Because the silence of electric motors is something they’ve been selling since the 1970s. The long-toothed readers among you will remember this advert, created by Ogilvy in the early 70s: “At 60 miles an hour the loudest noise in this new Rolls-Royce comes from the electric clock.”
For Rolls-Royce, silence was always part of the appeal. What I really love about this advert is that it sells you silence by evoking a tiny sound that breaks it: the ticking of a clock. It expresses quality in the same way that Swiss watches express quality. In many ways, it evokes the same quiet as the “quiet luxury” everyone has been catching on to since Succession hit the screens. The quiet of Loro Piana, Bottega Veneta and Patek Philippe.
Funny how they already wrote “electric” to describe the clock. Rolls-Royce was made for the electric age and they didn’t even know it. They can just carry on carrying on, and stay Rolls-Royce all the way into the electric future.
Not so for our friends at Ferrari, whose products are the opposite of quiet. How many times have we heard Enzo Ferrari say things like “If it’s not a V12, it’s not a Ferrari”?
4. The solution
And, now that we mentioned Enzo’s line about V12s, here is—right for the taking—the solution that Ferrari came up with when people started taking an interest in different engines than Enzo’s V12: the DINO.

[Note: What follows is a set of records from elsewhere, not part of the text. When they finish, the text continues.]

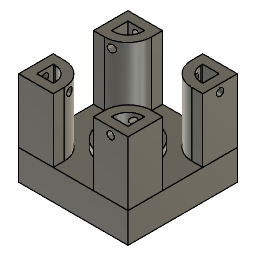
robot (Autodesk Fusion 360 archive; units mm, degrees)
design "pince_v01_structure"
part number: 2026-02-12-14-10-12-234
Autodesk Fusion 360 part; units mm, degrees
(part 1 of 2)
sketch "Esquisse1" plane through (0, 0, 0) normal (0, 0, 1) x (1, 0, 0)
  line L0 (30, 30) -> (-30, 30)
  line L1 (-30, 30) -> (-30, -30)
  line L2 (-30, -30) -> (30, -30)
  line L3 (30, -30) -> (30, 30)
  constraint horizontal L0
  constraint vertical L1
  constraint horizontal L2
  constraint vertical L3
extrude "Extrusion1" add sketch "Esquisse1" along normal blind 5 makes body 1
sketch "Esquisse3" plane through (0, 0, 5) normal (0, 0, 1) x (-1, 0, 0)
  line L0 (-30, 30) -> (-30, -30)
  line L1 (-30, -30) -> (30, -30)
  line L2 (30, -30) -> (30, 30)
  line L3 (30, 30) -> (-30, 30)
  circle A0 centre (0, 0) radius 3.5
  circle A1 centre (0, 0) radius 15
  dimension "d12" = 7
  dimension "d15" = 30
  constraint coincident A0.centre A1.centre
  measures "d12" diameter of A0
  measures "d15" diameter of A1
extrude "Extrusion2" add sketch "Esquisse3" along normal blind 4 contours A1 bodies 1
sketch "Esquisse4" plane through (0, 0, 5) normal (0, 0, 1) x (-1, 0, 0)
  line L0 (-30, 30) -> (-30, -30)
  line L1 (-30, -30) -> (30, -30)
  line L2 (30, -30) -> (30, 30)
  line L3 (30, 30) -> (-30, 30)
  circle A0 centre (0, 0) radius 15
  arc A1 (-24, 11) -> (-11, 24) centre (-24, 24) ccw
  line L4 (-11, 24) -> (-30, 24)
  line L5 (-30, 24) -> (-30, 30)
  line L6 (-30, 30) -> (-11, 30)
  line L7 (-11, 30) -> (-11, 24)
  line L8 (-30, 30) -> (-24, 30)
  line L9 (-24, 30) -> (-24, 11)
  line L10 (-24, 11) -> (-30, 11)
  line L11 (-30, 11) -> (-30, 30)
  constraint horizontal L4
  constraint vertical L5
  constraint horizontal L6
  constraint vertical L7
  constraint coincident L0.start L3.end
  constraint horizontal L8
  constraint vertical L9
  constraint horizontal L10
  constraint vertical L11
extrude "Extrusion3" add sketch "Esquisse4" along normal up to surface (70 mm away) contours L0 L3 L4 L5 L6 L8 L9 L11 | L0 L4 L9 L10 L11 | L3 L4 L6 L7 L9 | A1 L4 L9 bodies 1
sketch "Esquisse5" plane through (0, 0, 0) normal (0, 1, 0) x (1, 0, 0)
  line L0 (-30, 0) -> (30, 0)
  line L1 (30, 0) -> (30, 9.0556)
  line L2 (30, 19.372) -> (-30, 19.372)
  line L3 (-30, 9.0556) -> (-30, 0)
  circle A0 centre (0, 36) radius 34.3
  arc A1 (-25.7143, 10.8052) -> (25.7143, 10.8052) centre (0, 36) ccw
  arc A2 (-25.7143, 10.8052) -> (-30, 9.0556) centre (-27.5, 9.0556) ccw
  arc A3 (30, 9.0556) -> (25.7143, 10.8052) centre (27.5, 9.0556) ccw
  line L4 (-30, 7.5) -> (-27.5, 7.5)
  line L5 (-27.5, 7.5) -> (-27.5, 11.5556)
  line L6 (-27.5, 11.5556) -> (-30, 11.5556)
  line L7 (-30, 11.5556) -> (-30, 7.5)
  point P0 (-30, 0)
  dimension "d80" = 36
  dimension "d81" = 2.5
  dimension "d82" = 2.5
  dimension "d83" = 2.5
  constraint horizontal L0
  constraint vertical L1
  constraint horizontal L2
  constraint vertical L3
  constraint coincident L2.start A0
  constraint coincident P0 L0.start
  constraint coincident A0.centre A1.centre
  constraint tangent A1 A2
  constraint tangent L3 A2
  constraint tangent A1 A3
  constraint tangent L1 A3
  constraint horizontal L4
  constraint vertical L5
  constraint horizontal L6
  constraint vertical L7
  constraint coincident L3 L4.start
  measures "d80" radius of A1
  measures "d81" radius of A2
  measures "d82" radius of A3
  measures "d83" distance of L4.start L4.end
revolve "Révolution2" add sketch "Esquisse5" angle 360 about axis through (0, 0, -205.75) along (0, 0, 1) contours L0 L3 A1 A2 L4 L5 | L3 A2 L4 L5 L7 | A2 L6 L7 bodies 1
extrude "Extrusion4" add 4 faces at (-24.1061, -24.1061, 0) (24.1061, -24.1061, 0) (24.1061, 24.1061, 0) (-24.1061, 24.1061, 0) along direction (0, 0, -1) up to surface end surface through (0, 0, -11.5556) normal (0, 0, -1) offset 0 on bodies 1 bodies 1
extrude "Extrusion5" cut 1 faces at (28, -17.3333, 75) along direction (0, 0, -1) blind 35 on bodies 1 bodies 1
sketch "Esquisse7" plane through (0, 0, 40) normal (0, 0, 1) x (-1, 0, 0)
  line L0 (-30, 11) -> (-24, 11)
  arc A0 (-24, 11) -> (-11, 24) centre (-24, 24) ccw
  line L1 (-11, 24) -> (-11, 30)
  line L2 (-11, 30) -> (-30, 30)
  line L3 (-30, 30) -> (-30, 11)
  line L4 (-16, 24) -> (-16, 25)
  line L5 (-16, 25) -> (-25, 25)
  line L6 (-25, 25) -> (-25, 16)
  line L7 (-25, 16) -> (-24, 16)
  arc A1 (-24, 16) -> (-16, 24) centre (-24, 24) ccw
  dimension "d157" = -5
extrude "Extrusion7" cut sketch "Esquisse7" against normal blind 10 contours L4 L5 L6 L7 A1 bodies 1
pattern_circular "Réseau C2" count 4 over 360 about axis through (0, 0, -205.75) along (0, 0, 1) of bodies 1 makes body 2 at (30, 23.6667, 11.1481) makes body 3 at (-23.6667, 30, 11.1481) makes body 4 at (-30, -23.6667, 11.1481)
sketch "Esquisse8" plane through (0, -30, 0) normal (0, -1, 0) x (1, 0, 0)
  line L0 (30, 40) -> (11, 40)
  line L1 (11, 40) -> (11, 5)
  line L2 (11, 5) -> (-30, 5)
  line L3 (-30, 5) -> (-30, -11.5556)
  line L4 (-30, -11.5556) -> (30, -11.5556)
  line L5 (30, -11.5556) -> (30, 40)
  line L6 (11, 40) -> (30, 40)
  line L7 (30, 40) -> (30, 36)
  line L8 (30, 36) -> (11, 36)
  line L9 (11, 36) -> (11, 40)
  circle A0 centre (20.5, 36) radius 2
  dimension "d3" = 4
  dimension "d4" = 4
  constraint horizontal L6
  constraint vertical L7
  constraint horizontal L8
  constraint vertical L9
  constraint coincident L0.end L1.start
  constraint midpoint L8 A0.centre
  measures "d3" distance of L0.end L8.end
  measures "d4" diameter of A0
extrude "Extrusion8" cut sketch "Esquisse8" against normal up to surface (19 mm away) contours L8 A0 | L8 A0 bodies 1
sketch "Esquisse9" plane through (-30, 0, 0) normal (-1, 0, 0) x (0, -1, 0)
  line L0 (30, 40) -> (11, 40)
  line L1 (11, 40) -> (11, 5)
  line L2 (11, 5) -> (-30, 5)
  line L3 (-30, 5) -> (-30, -11.5556)
  line L4 (-30, -11.5556) -> (30, -11.5556)
  line L5 (30, -11.5556) -> (30, 40)
  line L6 (30, 40) -> (11, 40)
  line L7 (30, 40) -> (30, 36)
  line L8 (30, 36) -> (11, 36)
  line L9 (11, 36) -> (11, 40)
  circle A0 centre (20.5, 36) radius 2
  line L10 (11, 40) -> (30, 40)
  dimension "d7" = 4
  dimension "d8" = 4
  constraint horizontal L10
  constraint vertical L7
  constraint horizontal L8
  constraint vertical L9
  constraint coincident L0.end L1.start
  constraint midpoint A0.centre L8
  measures "d7" distance of L0.end L8.end
  measures "d8" diameter of A0
sketch "Esquisse10" plane through (0, 30, 0) normal (0, 1, 0) x (-1, 0, 0)
  line L0 (30, 40) -> (11, 40)
  line L1 (11, 40) -> (11, 5)
  line L2 (11, 5) -> (-30, 5)
  line L3 (-30, 5) -> (-30, -11.5556)
  line L4 (-30, -11.5556) -> (30, -11.5556)
  line L5 (30, -11.5556) -> (30, 40)
  line L6 (30, 40) -> (11, 40)
  line L7 (30, 40) -> (30, 36)
  line L8 (30, 36) -> (11, 36)
  line L9 (11, 36) -> (11, 40)
  circle A0 centre (20.5, 36) radius 2
  line L10 (11, 40) -> (30, 40)
  dimension "d9" = 4
  dimension "d10" = 4
  constraint horizontal L10
  constraint vertical L7
  constraint horizontal L8
  constraint vertical L9
  constraint coincident L0.end L1.start
  constraint midpoint A0.centre L8
  measures "d9" distance of L0.end L8.end
  measures "d10" diameter of A0
sketch "Esquisse11" plane through (30, 0, 0) normal (1, 0, 0) x (0, 1, 0)
  line L0 (30, 40) -> (11, 40)
  line L1 (11, 40) -> (11, 5)
  line L2 (11, 5) -> (-30, 5)
  line L3 (-30, 5) -> (-30, -11.5556)
  line L4 (-30, -11.5556) -> (30, -11.5556)
  line L5 (30, -11.5556) -> (30, 40)
  line L6 (30, 40) -> (11, 40)
  line L7 (30, 40) -> (30, 36)
  line L8 (30, 36) -> (11, 36)
  line L9 (11, 36) -> (11, 40)
  circle A0 centre (20.5, 36) radius 2
  line L10 (11, 40) -> (30, 40)
  dimension "d11" = 4
  dimension "d16" = 4
  constraint horizontal L10
  constraint vertical L7
  constraint horizontal L8
  constraint vertical L9
  constraint coincident L0.end L1.start
  constraint midpoint A0.centre L8
  measures "d11" distance of L0.end L8.end
  measures "d16" diameter of A0
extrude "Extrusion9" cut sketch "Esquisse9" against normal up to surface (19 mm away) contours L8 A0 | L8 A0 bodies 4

Isn’t it funny? In my first essay on Ferrari, I mentioned it as my favourite Ferrari from the past, and every Ferrarista in town understood what I meant. But they will also remember that the Dino was not a Ferrari.
At least, not for the first decade or so.
Dino was Dino, named after Enzo’s son, Alfredino Ferrari. It came with a V6 engine, which is the reason Enzo thought it inappropriate to put the cavallino on it (and you thought Luca di Montezemolo was the first one to utter those words?). Just like Terrex, the Dino was both a Ferrari and a non-Ferrari.
Both a Ferrari and a non-Ferrari... Which is exactly what the Luce is!
It’s both a Ferrari and not a Ferrari. And that’s great. It shows a view oriented towards the changing, evolving market. It shows experimentation. An open mind about what we could do. Great potential, in other words. But it’s also exactly the reason why Ferrari’s first iterations in EV cannot be Ferrari cars!
Ferrari needs Dino to be its Terrex.
Because, as we already discussed, the biggest threat to Ferrari is going to be the lifestyle brands entering the car market in the coming decade. Ferrari’s Luce doesn’t look much like a Ferrari, we can all agree on that. The thing you bought into just isn’t there in the Luce. So, now, imagine Gucci coming up with their own EV. Do you think Gucci’s EV will look “not very Gucci”? Or do you think, on the other hand, that it’ll look like the most Gucci thing ever?
The thing you’re buying into when you buy anything Gucci will be there in spades. Because Gucci clearly know something about lifestyle branding that Ferrari haven’t yet understood: when market forces lead towards commodification of technical excellence, the only thing you can still leverage is the distinctive brand assets that make consumers reach for you, because they make you desirable.
So, to summarise the 3-step strategy I would have adopted if I was in Ferrari’s shoes:
1. Announce a new sub brand—Dino... dedicated to an electric future. Evoke the heritage contained in the Dino mindset, a new engine for a new age. This is a sub brand that happens to benefit from all of Ferrari’s know-how, as well as being a sub brand the most dedicated Ferraristi will resonate with.
2. Open the new sub brand to collabs. It’s a creative brand, different and innovative. It’s the kind of brand that innovates in the open. No Soviet-style “here’s our new car, put up with it”. Create a new brand world around it that’s informed by the Dino heritage, but it’s experimental and new and just the right thing for Silicon Valley billionaires. Let the youth of Dino Ferrari contrast with the established Ferrari mother brand. Dino is allowed to be different from the mother brand. Go for it.
3. Ten years down the line, let the successes and failures of Dino inform the way forward for Ferrari in the electric world, much like the original Dino informed the way forward for Ferrari back in the 70s, when the brand was re-absorbed into the Ferrari ecosystem.